What Do You Call a Woman with the Rank of a Marquess?

Hint: it's not "poor Edith"

The finale of "Downton Abbey" proves to be a happy ending for Lady Edith, who becomes the Marchioness of Hexham by marrying her beau, Bertie, an unassuming man who unexpectedly inherits a fortune and an exalted title. Bertie suddenly becomes the Marquess of Hexham, which provokes the question: what’s a marquess?

marchioness

For a time, the feminine form of 'marquess' was 'marquisess'. Eventually, people decided that was silly and switched to 'marchioness'.

A marquess is “a member of the British peerage ranking below a duke and above an earl.” It’s less well-known as a title than duke or earl (or viscount or baron), possibly because there are fewer marquessates than dukedoms or earldoms in Britain. Like nearly all the names for members of the British aristocracy, marquess comes from a French word.

But where did marchioness come from? A marquis is the French name for a nobleman whose rank was equivalent to a German margrave.
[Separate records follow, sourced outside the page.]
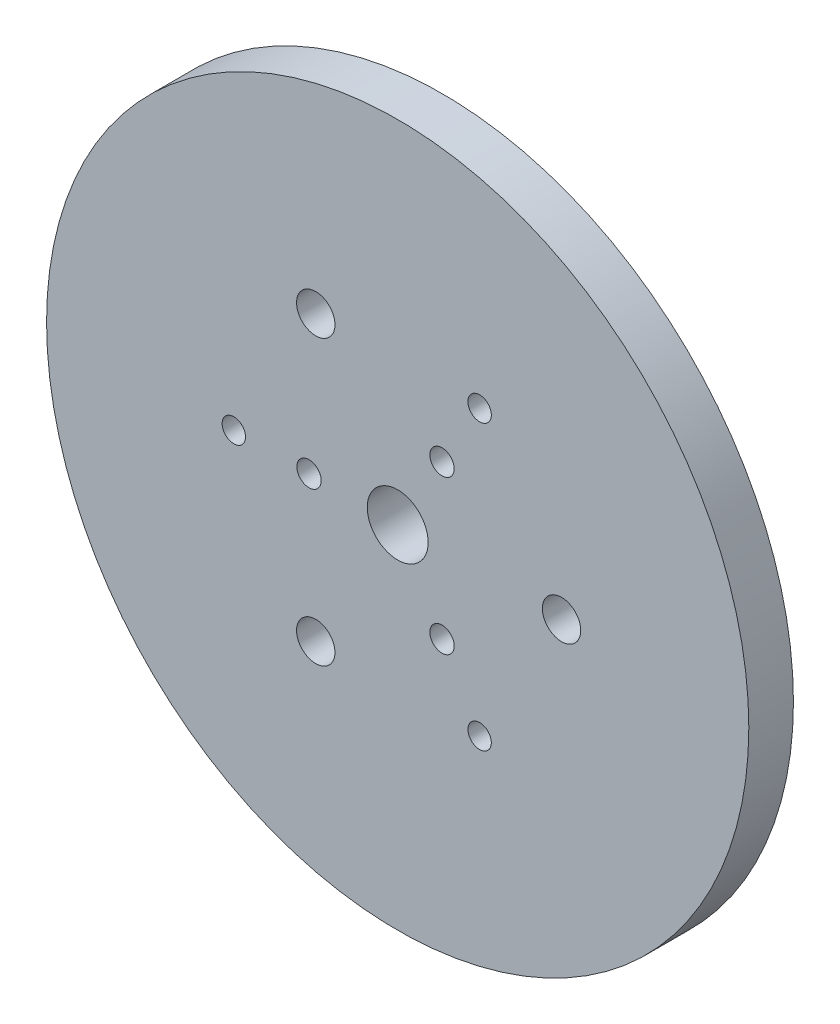
ISO-10303-21;
HEADER;
FILE_DESCRIPTION(('STEP AP214'),'2;1');
FILE_NAME('part.step','',(''),(''),'','','');
FILE_SCHEMA(('AUTOMOTIVE_DESIGN { 1 0 10303 214 1 1 1 1 }'));
ENDSEC;
DATA;
#1=APPLICATION_CONTEXT('core data for automotive mechanical design processes');
#2=APPLICATION_PROTOCOL_DEFINITION('international standard','automotive_design',2000,#1);
#3=PRODUCT_CONTEXT('',#1,'mechanical');
#4=PRODUCT('Part','Part','',(#3));
#5=PRODUCT_RELATED_PRODUCT_CATEGORY('part','',(#4));
#6=PRODUCT_DEFINITION_FORMATION('','',#4);
#7=PRODUCT_DEFINITION_CONTEXT('part definition',#1,'design');
#8=PRODUCT_DEFINITION('design','',#6,#7);
#9=PRODUCT_DEFINITION_SHAPE('','',#8);
#10=(LENGTH_UNIT() NAMED_UNIT(*) SI_UNIT(.MILLI.,.METRE.));
#11=(NAMED_UNIT(*) PLANE_ANGLE_UNIT() SI_UNIT($,.RADIAN.));
#12=(NAMED_UNIT(*) SI_UNIT($,.STERADIAN.) SOLID_ANGLE_UNIT());
#13=UNCERTAINTY_MEASURE_WITH_UNIT(LENGTH_MEASURE(1.E-05),#10,'distance_accuracy_value','');
#14=(GEOMETRIC_REPRESENTATION_CONTEXT(3) GLOBAL_UNCERTAINTY_ASSIGNED_CONTEXT((#13)) GLOBAL_UNIT_ASSIGNED_CONTEXT((#10,
#11,#12)) REPRESENTATION_CONTEXT('',''));
#15=CARTESIAN_POINT('',(0.,0.,0.));
#16=DIRECTION('',(0.,0.,1.));
#17=DIRECTION('',(1.,0.,0.));
#18=AXIS2_PLACEMENT_3D('',#15,#16,#17);
#19=CARTESIAN_POINT('',(0.,0.,9.53));
#20=DIRECTION('',(0.,0.,-1.));
#21=DIRECTION('',(-1.,0.,0.));
#22=AXIS2_PLACEMENT_3D('',#19,#20,#21);
#23=CYLINDRICAL_SURFACE('',#22,75.);
#24=CARTESIAN_POINT('',(0.,0.,9.53));
#25=DIRECTION('',(0.,0.,1.));
#26=DIRECTION('',(1.,0.,0.));
#27=AXIS2_PLACEMENT_3D('',#24,#25,#26);
#28=CIRCLE('',#27,75.);
#29=CARTESIAN_POINT('',(75.,0.,9.53));
#30=VERTEX_POINT('',#29);
#31=EDGE_CURVE('E10',#30,#30,#28,.T.);
#32=ORIENTED_EDGE('',*,*,#31,.F.);
#33=EDGE_LOOP('',(#32));
#34=FACE_BOUND('',#33,.T.);
#35=CARTESIAN_POINT('',(0.,0.,0.));
#36=DIRECTION('',(0.,0.,1.));
#37=DIRECTION('',(1.,0.,0.));
#38=AXIS2_PLACEMENT_3D('',#35,#36,#37);
#39=CIRCLE('',#38,75.);
#40=CARTESIAN_POINT('',(75.,0.,0.));
#41=VERTEX_POINT('',#40);
#42=EDGE_CURVE('E39',#41,#41,#39,.T.);
#43=ORIENTED_EDGE('',*,*,#42,.T.);
#44=EDGE_LOOP('',(#43));
#45=FACE_BOUND('',#44,.T.);
#46=ADVANCED_FACE('F36',(#34,#45),#23,.T.);
#47=CARTESIAN_POINT('',(0.,0.,9.53));
#48=DIRECTION('',(0.,0.,1.));
#49=DIRECTION('',(1.,0.,0.));
#50=AXIS2_PLACEMENT_3D('',#47,#48,#49);
#51=PLANE('',#50);
#52=CARTESIAN_POINT('',(-35.,0.,9.53));
#53=DIRECTION('',(0.,0.,1.));
#54=DIRECTION('',(1.,0.,0.));
#55=AXIS2_PLACEMENT_3D('',#52,#53,#54);
#56=CIRCLE('',#55,2.5);
#57=CARTESIAN_POINT('',(-32.5,0.,9.53));
#58=VERTEX_POINT('',#57);
#59=EDGE_CURVE('E119',#58,#58,#56,.T.);
#60=ORIENTED_EDGE('',*,*,#59,.F.);
#61=EDGE_LOOP('',(#60));
#62=FACE_BOUND('',#61,.T.);
#63=CARTESIAN_POINT('',(17.5,30.3108891324554,9.53));
#64=DIRECTION('',(0.,0.,1.));
#65=DIRECTION('',(1.,0.,0.));
#66=AXIS2_PLACEMENT_3D('',#63,#64,#65);
#67=CIRCLE('',#66,2.50000000000011);
#68=CARTESIAN_POINT('',(20.0000000000001,30.3108891324554,9.53));
#69=VERTEX_POINT('',#68);
#70=EDGE_CURVE('E110',#69,#69,#67,.T.);
#71=ORIENTED_EDGE('',*,*,#70,.F.);
#72=EDGE_LOOP('',(#71));
#73=FACE_BOUND('',#72,.T.);
#74=CARTESIAN_POINT('',(17.5,-30.3108891324554,9.53));
#75=DIRECTION('',(0.,0.,1.));
#76=DIRECTION('',(1.,0.,0.));
#77=AXIS2_PLACEMENT_3D('',#74,#75,#76);
#78=CIRCLE('',#77,2.49999999999968);
#79=CARTESIAN_POINT('',(19.9999999999997,-30.3108891324554,9.53));
#80=VERTEX_POINT('',#79);
#81=EDGE_CURVE('E111',#80,#80,#78,.T.);
#82=ORIENTED_EDGE('',*,*,#81,.F.);
#83=EDGE_LOOP('',(#82));
#84=FACE_BOUND('',#83,.T.);
#85=CARTESIAN_POINT('',(-18.9370888294198,0.,9.53));
#86=DIRECTION('',(0.,0.,1.));
#87=DIRECTION('',(1.,0.,0.));
#88=AXIS2_PLACEMENT_3D('',#85,#86,#87);
#89=CIRCLE('',#88,2.6);
#90=CARTESIAN_POINT('',(-16.3370888294198,0.,9.53));
#91=VERTEX_POINT('',#90);
#92=EDGE_CURVE('E96',#91,#91,#89,.T.);
#93=ORIENTED_EDGE('',*,*,#92,.F.);
#94=EDGE_LOOP('',(#93));
#95=FACE_BOUND('',#94,.T.);
#96=CARTESIAN_POINT('',(9.4685444147099,16.4000000000001,9.53));
#97=DIRECTION('',(0.,0.,1.));
#98=DIRECTION('',(1.,0.,0.));
#99=AXIS2_PLACEMENT_3D('',#96,#97,#98);
#100=CIRCLE('',#99,2.6);
#101=CARTESIAN_POINT('',(12.0685444147099,16.4000000000001,9.53));
#102=VERTEX_POINT('',#101);
#103=EDGE_CURVE('E86',#102,#102,#100,.T.);
#104=ORIENTED_EDGE('',*,*,#103,.F.);
#105=EDGE_LOOP('',(#104));
#106=FACE_BOUND('',#105,.T.);
#107=CARTESIAN_POINT('',(9.46854441470989,-16.4000000000001,9.53));
#108=DIRECTION('',(0.,0.,1.));
#109=DIRECTION('',(1.,0.,0.));
#110=AXIS2_PLACEMENT_3D('',#107,#108,#109);
#111=CIRCLE('',#110,2.6);
#112=CARTESIAN_POINT('',(12.0685444147099,-16.4000000000001,9.53));
#113=VERTEX_POINT('',#112);
#114=EDGE_CURVE('E87',#113,#113,#111,.T.);
#115=ORIENTED_EDGE('',*,*,#114,.F.);
#116=EDGE_LOOP('',(#115));
#117=FACE_BOUND('',#116,.T.);
#118=CARTESIAN_POINT('',(0.,0.,9.53));
#119=DIRECTION('',(0.,0.,1.));
#120=DIRECTION('',(1.,0.,0.));
#121=AXIS2_PLACEMENT_3D('',#118,#119,#120);
#122=CIRCLE('',#121,6.5);
#123=CARTESIAN_POINT('',(6.5,0.,9.53));
#124=VERTEX_POINT('',#123);
#125=EDGE_CURVE('E74',#124,#124,#122,.F.);
#126=ORIENTED_EDGE('',*,*,#125,.T.);
#127=EDGE_LOOP('',(#126));
#128=FACE_BOUND('',#127,.T.);
#129=CARTESIAN_POINT('',(35.,0.,9.53));
#130=DIRECTION('',(0.,0.,1.));
#131=DIRECTION('',(1.,0.,0.));
#132=AXIS2_PLACEMENT_3D('',#129,#130,#131);
#133=CIRCLE('',#132,4.09999999999985);
#134=CARTESIAN_POINT('',(39.0999999999999,0.,9.53));
#135=VERTEX_POINT('',#134);
#136=EDGE_CURVE('E67',#135,#135,#133,.F.);
#137=ORIENTED_EDGE('',*,*,#136,.T.);
#138=EDGE_LOOP('',(#137));
#139=FACE_BOUND('',#138,.T.);
#140=CARTESIAN_POINT('',(-17.4999999999999,30.3108891324554,9.53));
#141=DIRECTION('',(0.,0.,1.));
#142=DIRECTION('',(1.,0.,0.));
#143=AXIS2_PLACEMENT_3D('',#140,#141,#142);
#144=CIRCLE('',#143,4.1);
#145=CARTESIAN_POINT('',(-13.3999999999999,30.3108891324554,9.53));
#146=VERTEX_POINT('',#145);
#147=EDGE_CURVE('E59',#146,#146,#144,.F.);
#148=ORIENTED_EDGE('',*,*,#147,.T.);
#149=EDGE_LOOP('',(#148));
#150=FACE_BOUND('',#149,.T.);
#151=CARTESIAN_POINT('',(-17.5000000000001,-30.3108891324553,9.53));
#152=DIRECTION('',(0.,0.,1.));
#153=DIRECTION('',(1.,0.,0.));
#154=AXIS2_PLACEMENT_3D('',#151,#152,#153);
#155=CIRCLE('',#154,4.10000000000001);
#156=CARTESIAN_POINT('',(-13.4000000000001,-30.3108891324553,9.53));
#157=VERTEX_POINT('',#156);
#158=EDGE_CURVE('E50',#157,#157,#155,.F.);
#159=ORIENTED_EDGE('',*,*,#158,.T.);
#160=EDGE_LOOP('',(#159));
#161=FACE_BOUND('',#160,.T.);
#162=ORIENTED_EDGE('',*,*,#31,.T.);
#163=EDGE_LOOP('',(#162));
#164=FACE_BOUND('',#163,.T.);
#165=ADVANCED_FACE('F133',(#62,#73,#84,#95,#106,#117,#128,#139,#150,#161,#164),#51,.T.);
#166=CARTESIAN_POINT('',(0.,0.,0.));
#167=DIRECTION('',(0.,0.,1.));
#168=DIRECTION('',(1.,0.,0.));
#169=AXIS2_PLACEMENT_3D('',#166,#167,#168);
#170=PLANE('',#169);
#171=CARTESIAN_POINT('',(-35.,0.,0.));
#172=DIRECTION('',(0.,0.,1.));
#173=DIRECTION('',(1.,0.,0.));
#174=AXIS2_PLACEMENT_3D('',#171,#172,#173);
#175=CIRCLE('',#174,2.5);
#176=CARTESIAN_POINT('',(-32.5,0.,0.));
#177=VERTEX_POINT('',#176);
#178=EDGE_CURVE('E91',#177,#177,#175,.F.);
#179=ORIENTED_EDGE('',*,*,#178,.F.);
#180=EDGE_LOOP('',(#179));
#181=FACE_BOUND('',#180,.T.);
#182=CARTESIAN_POINT('',(17.5,30.3108891324554,0.));
#183=DIRECTION('',(0.,0.,1.));
#184=DIRECTION('',(1.,0.,0.));
#185=AXIS2_PLACEMENT_3D('',#182,#183,#184);
#186=CIRCLE('',#185,2.50000000000011);
#187=CARTESIAN_POINT('',(20.0000000000001,30.3108891324554,0.));
#188=VERTEX_POINT('',#187);
#189=EDGE_CURVE('E115',#188,#188,#186,.F.);
#190=ORIENTED_EDGE('',*,*,#189,.F.);
#191=EDGE_LOOP('',(#190));
#192=FACE_BOUND('',#191,.T.);
#193=CARTESIAN_POINT('',(17.5,-30.3108891324554,0.));
#194=DIRECTION('',(0.,0.,1.));
#195=DIRECTION('',(1.,0.,0.));
#196=AXIS2_PLACEMENT_3D('',#193,#194,#195);
#197=CIRCLE('',#196,2.49999999999968);
#198=CARTESIAN_POINT('',(19.9999999999997,-30.3108891324554,0.));
#199=VERTEX_POINT('',#198);
#200=EDGE_CURVE('E106',#199,#199,#197,.F.);
#201=ORIENTED_EDGE('',*,*,#200,.F.);
#202=EDGE_LOOP('',(#201));
#203=FACE_BOUND('',#202,.T.);
#204=CARTESIAN_POINT('',(-18.9370888294198,0.,0.));
#205=DIRECTION('',(0.,0.,1.));
#206=DIRECTION('',(1.,0.,0.));
#207=AXIS2_PLACEMENT_3D('',#204,#205,#206);
#208=CIRCLE('',#207,2.6);
#209=CARTESIAN_POINT('',(-16.3370888294198,0.,0.));
#210=VERTEX_POINT('',#209);
#211=EDGE_CURVE('E78',#210,#210,#208,.F.);
#212=ORIENTED_EDGE('',*,*,#211,.F.);
#213=EDGE_LOOP('',(#212));
#214=FACE_BOUND('',#213,.T.);
#215=CARTESIAN_POINT('',(9.4685444147099,16.4000000000001,0.));
#216=DIRECTION('',(0.,0.,1.));
#217=DIRECTION('',(1.,0.,0.));
#218=AXIS2_PLACEMENT_3D('',#215,#216,#217);
#219=CIRCLE('',#218,2.6);
#220=CARTESIAN_POINT('',(12.0685444147099,16.4000000000001,0.));
#221=VERTEX_POINT('',#220);
#222=EDGE_CURVE('E92',#221,#221,#219,.F.);
#223=ORIENTED_EDGE('',*,*,#222,.F.);
#224=EDGE_LOOP('',(#223));
#225=FACE_BOUND('',#224,.T.);
#226=CARTESIAN_POINT('',(9.46854441470989,-16.4000000000001,0.));
#227=DIRECTION('',(0.,0.,1.));
#228=DIRECTION('',(1.,0.,0.));
#229=AXIS2_PLACEMENT_3D('',#226,#227,#228);
#230=CIRCLE('',#229,2.6);
#231=CARTESIAN_POINT('',(12.0685444147099,-16.4000000000001,0.));
#232=VERTEX_POINT('',#231);
#233=EDGE_CURVE('E82',#232,#232,#230,.F.);
#234=ORIENTED_EDGE('',*,*,#233,.F.);
#235=EDGE_LOOP('',(#234));
#236=FACE_BOUND('',#235,.T.);
#237=CARTESIAN_POINT('',(0.,0.,0.));
#238=DIRECTION('',(0.,0.,-1.));
#239=DIRECTION('',(-1.,0.,0.));
#240=AXIS2_PLACEMENT_3D('',#237,#238,#239);
#241=CIRCLE('',#240,6.5);
#242=CARTESIAN_POINT('',(-6.5,0.,0.));
#243=VERTEX_POINT('',#242);
#244=EDGE_CURVE('E55',#243,#243,#241,.T.);
#245=ORIENTED_EDGE('',*,*,#244,.F.);
#246=EDGE_LOOP('',(#245));
#247=FACE_BOUND('',#246,.T.);
#248=CARTESIAN_POINT('',(35.,0.,0.));
#249=DIRECTION('',(0.,0.,-1.));
#250=DIRECTION('',(-1.,0.,0.));
#251=AXIS2_PLACEMENT_3D('',#248,#249,#250);
#252=CIRCLE('',#251,4.09999999999985);
#253=CARTESIAN_POINT('',(30.9000000000001,0.,0.));
#254=VERTEX_POINT('',#253);
#255=EDGE_CURVE('E48',#254,#254,#252,.T.);
#256=ORIENTED_EDGE('',*,*,#255,.F.);
#257=EDGE_LOOP('',(#256));
#258=FACE_BOUND('',#257,.T.);
#259=CARTESIAN_POINT('',(-17.4999999999999,30.3108891324554,0.));
#260=DIRECTION('',(0.,0.,-1.));
#261=DIRECTION('',(-1.,0.,0.));
#262=AXIS2_PLACEMENT_3D('',#259,#260,#261);
#263=CIRCLE('',#262,4.1);
#264=CARTESIAN_POINT('',(-21.5999999999999,30.3108891324554,0.));
#265=VERTEX_POINT('',#264);
#266=EDGE_CURVE('E63',#265,#265,#263,.T.);
#267=ORIENTED_EDGE('',*,*,#266,.F.);
#268=EDGE_LOOP('',(#267));
#269=FACE_BOUND('',#268,.T.);
#270=CARTESIAN_POINT('',(-17.5000000000001,-30.3108891324553,0.));
#271=DIRECTION('',(0.,0.,-1.));
#272=DIRECTION('',(-1.,0.,0.));
#273=AXIS2_PLACEMENT_3D('',#270,#271,#272);
#274=CIRCLE('',#273,4.10000000000001);
#275=CARTESIAN_POINT('',(-21.6000000000001,-30.3108891324553,0.));
#276=VERTEX_POINT('',#275);
#277=EDGE_CURVE('E54',#276,#276,#274,.T.);
#278=ORIENTED_EDGE('',*,*,#277,.F.);
#279=EDGE_LOOP('',(#278));
#280=FACE_BOUND('',#279,.T.);
#281=ORIENTED_EDGE('',*,*,#42,.F.);
#282=EDGE_LOOP('',(#281));
#283=FACE_BOUND('',#282,.T.);
#284=ADVANCED_FACE('F136',(#181,#192,#203,#214,#225,#236,#247,#258,#269,#280,#283),#170,.F.);
#285=CARTESIAN_POINT('',(-17.5000000000001,-30.3108891324553,9.531));
#286=DIRECTION('',(0.,0.,-1.));
#287=DIRECTION('',(-1.,0.,0.));
#288=AXIS2_PLACEMENT_3D('',#285,#286,#287);
#289=CYLINDRICAL_SURFACE('',#288,4.10000000000001);
#290=ORIENTED_EDGE('',*,*,#158,.F.);
#291=EDGE_LOOP('',(#290));
#292=FACE_BOUND('',#291,.T.);
#293=ORIENTED_EDGE('',*,*,#277,.T.);
#294=EDGE_LOOP('',(#293));
#295=FACE_BOUND('',#294,.T.);
#296=ADVANCED_FACE('F156',(#292,#295),#289,.F.);
#297=CARTESIAN_POINT('',(-17.4999999999999,30.3108891324554,9.531));
#298=DIRECTION('',(0.,0.,-1.));
#299=DIRECTION('',(-1.,0.,0.));
#300=AXIS2_PLACEMENT_3D('',#297,#298,#299);
#301=CYLINDRICAL_SURFACE('',#300,4.1);
#302=ORIENTED_EDGE('',*,*,#147,.F.);
#303=EDGE_LOOP('',(#302));
#304=FACE_BOUND('',#303,.T.);
#305=ORIENTED_EDGE('',*,*,#266,.T.);
#306=EDGE_LOOP('',(#305));
#307=FACE_BOUND('',#306,.T.);
#308=ADVANCED_FACE('F159',(#304,#307),#301,.F.);
#309=CARTESIAN_POINT('',(35.,0.,9.531));
#310=DIRECTION('',(0.,0.,-1.));
#311=DIRECTION('',(-1.,0.,0.));
#312=AXIS2_PLACEMENT_3D('',#309,#310,#311);
#313=CYLINDRICAL_SURFACE('',#312,4.09999999999985);
#314=ORIENTED_EDGE('',*,*,#136,.F.);
#315=EDGE_LOOP('',(#314));
#316=FACE_BOUND('',#315,.T.);
#317=ORIENTED_EDGE('',*,*,#255,.T.);
#318=EDGE_LOOP('',(#317));
#319=FACE_BOUND('',#318,.T.);
#320=ADVANCED_FACE('F196',(#316,#319),#313,.F.);
#321=CARTESIAN_POINT('',(0.,0.,9.531));
#322=DIRECTION('',(0.,0.,-1.));
#323=DIRECTION('',(-1.,0.,0.));
#324=AXIS2_PLACEMENT_3D('',#321,#322,#323);
#325=CYLINDRICAL_SURFACE('',#324,6.5);
#326=ORIENTED_EDGE('',*,*,#125,.F.);
#327=EDGE_LOOP('',(#326));
#328=FACE_BOUND('',#327,.T.);
#329=ORIENTED_EDGE('',*,*,#244,.T.);
#330=EDGE_LOOP('',(#329));
#331=FACE_BOUND('',#330,.T.);
#332=ADVANCED_FACE('F204',(#328,#331),#325,.F.);
#333=CARTESIAN_POINT('',(9.46854441470989,-16.4000000000001,-0.000999999999999265));
#334=DIRECTION('',(0.,0.,1.));
#335=DIRECTION('',(1.,0.,0.));
#336=AXIS2_PLACEMENT_3D('',#333,#334,#335);
#337=CYLINDRICAL_SURFACE('',#336,2.6);
#338=ORIENTED_EDGE('',*,*,#114,.T.);
#339=EDGE_LOOP('',(#338));
#340=FACE_BOUND('',#339,.T.);
#341=ORIENTED_EDGE('',*,*,#233,.T.);
#342=EDGE_LOOP('',(#341));
#343=FACE_BOUND('',#342,.T.);
#344=ADVANCED_FACE('F212',(#340,#343),#337,.F.);
#345=CARTESIAN_POINT('',(9.4685444147099,16.4000000000001,-0.000999999999999265));
#346=DIRECTION('',(0.,0.,1.));
#347=DIRECTION('',(1.,0.,0.));
#348=AXIS2_PLACEMENT_3D('',#345,#346,#347);
#349=CYLINDRICAL_SURFACE('',#348,2.6);
#350=ORIENTED_EDGE('',*,*,#103,.T.);
#351=EDGE_LOOP('',(#350));
#352=FACE_BOUND('',#351,.T.);
#353=ORIENTED_EDGE('',*,*,#222,.T.);
#354=EDGE_LOOP('',(#353));
#355=FACE_BOUND('',#354,.T.);
#356=ADVANCED_FACE('F220',(#352,#355),#349,.F.);
#357=CARTESIAN_POINT('',(-18.9370888294198,0.,-0.000999999999999265));
#358=DIRECTION('',(0.,0.,1.));
#359=DIRECTION('',(1.,0.,0.));
#360=AXIS2_PLACEMENT_3D('',#357,#358,#359);
#361=CYLINDRICAL_SURFACE('',#360,2.6);
#362=ORIENTED_EDGE('',*,*,#92,.T.);
#363=EDGE_LOOP('',(#362));
#364=FACE_BOUND('',#363,.T.);
#365=ORIENTED_EDGE('',*,*,#211,.T.);
#366=EDGE_LOOP('',(#365));
#367=FACE_BOUND('',#366,.T.);
#368=ADVANCED_FACE('F228',(#364,#367),#361,.F.);
#369=CARTESIAN_POINT('',(17.5,-30.3108891324554,-0.000999999999999265));
#370=DIRECTION('',(0.,0.,1.));
#371=DIRECTION('',(1.,0.,0.));
#372=AXIS2_PLACEMENT_3D('',#369,#370,#371);
#373=CYLINDRICAL_SURFACE('',#372,2.49999999999968);
#374=ORIENTED_EDGE('',*,*,#81,.T.);
#375=EDGE_LOOP('',(#374));
#376=FACE_BOUND('',#375,.T.);
#377=ORIENTED_EDGE('',*,*,#200,.T.);
#378=EDGE_LOOP('',(#377));
#379=FACE_BOUND('',#378,.T.);
#380=ADVANCED_FACE('F235',(#376,#379),#373,.F.);
#381=CARTESIAN_POINT('',(17.5,30.3108891324554,-0.000999999999999265));
#382=DIRECTION('',(0.,0.,1.));
#383=DIRECTION('',(1.,0.,0.));
#384=AXIS2_PLACEMENT_3D('',#381,#382,#383);
#385=CYLINDRICAL_SURFACE('',#384,2.50000000000011);
#386=ORIENTED_EDGE('',*,*,#70,.T.);
#387=EDGE_LOOP('',(#386));
#388=FACE_BOUND('',#387,.T.);
#389=ORIENTED_EDGE('',*,*,#189,.T.);
#390=EDGE_LOOP('',(#389));
#391=FACE_BOUND('',#390,.T.);
#392=ADVANCED_FACE('F242',(#388,#391),#385,.F.);
#393=CARTESIAN_POINT('',(-35.,0.,-0.000999999999999265));
#394=DIRECTION('',(0.,0.,1.));
#395=DIRECTION('',(1.,0.,0.));
#396=AXIS2_PLACEMENT_3D('',#393,#394,#395);
#397=CYLINDRICAL_SURFACE('',#396,2.5);
#398=ORIENTED_EDGE('',*,*,#59,.T.);
#399=EDGE_LOOP('',(#398));
#400=FACE_BOUND('',#399,.T.);
#401=ORIENTED_EDGE('',*,*,#178,.T.);
#402=EDGE_LOOP('',(#401));
#403=FACE_BOUND('',#402,.T.);
#404=ADVANCED_FACE('F130',(#400,#403),#397,.F.);
#405=CLOSED_SHELL('',(#46,#165,#284,#296,#308,#320,#332,#344,#356,#368,#380,#392,#404));
#406=MANIFOLD_SOLID_BREP('B2',#405);
#407=ADVANCED_BREP_SHAPE_REPRESENTATION('',(#18,#406),#14);
#408=SHAPE_DEFINITION_REPRESENTATION(#9,#407);
ENDSEC;
END-ISO-10303-21;

They both referred to a ruler of border or frontier territories; in fact, the oldest sense of the English word mark is “a boundary land.” In Latin, the name for this rank was marchion.

In French, marquis is pronounced \mahr-kee\ with a silent s, but the title was anglicized as marquess and pronounced \MAHR-kwus. This led to a problem with the feminine form of the title, since in French the s is pronounced in the feminine marquise (\mahr-keez). For a time, the word marquisess was used in English, but, possibly because it sounded so much like marquess, they reverted to the Latin feminine form in English in the 1500s.

Marchioness is pronounced \MAHR-shuh-nus\ and means “the wife or widow of a marquess” or “a woman who holds the rank of a marquess in her own right.”

Which means that the one-time Poor Edith now outranks all of the members of her family.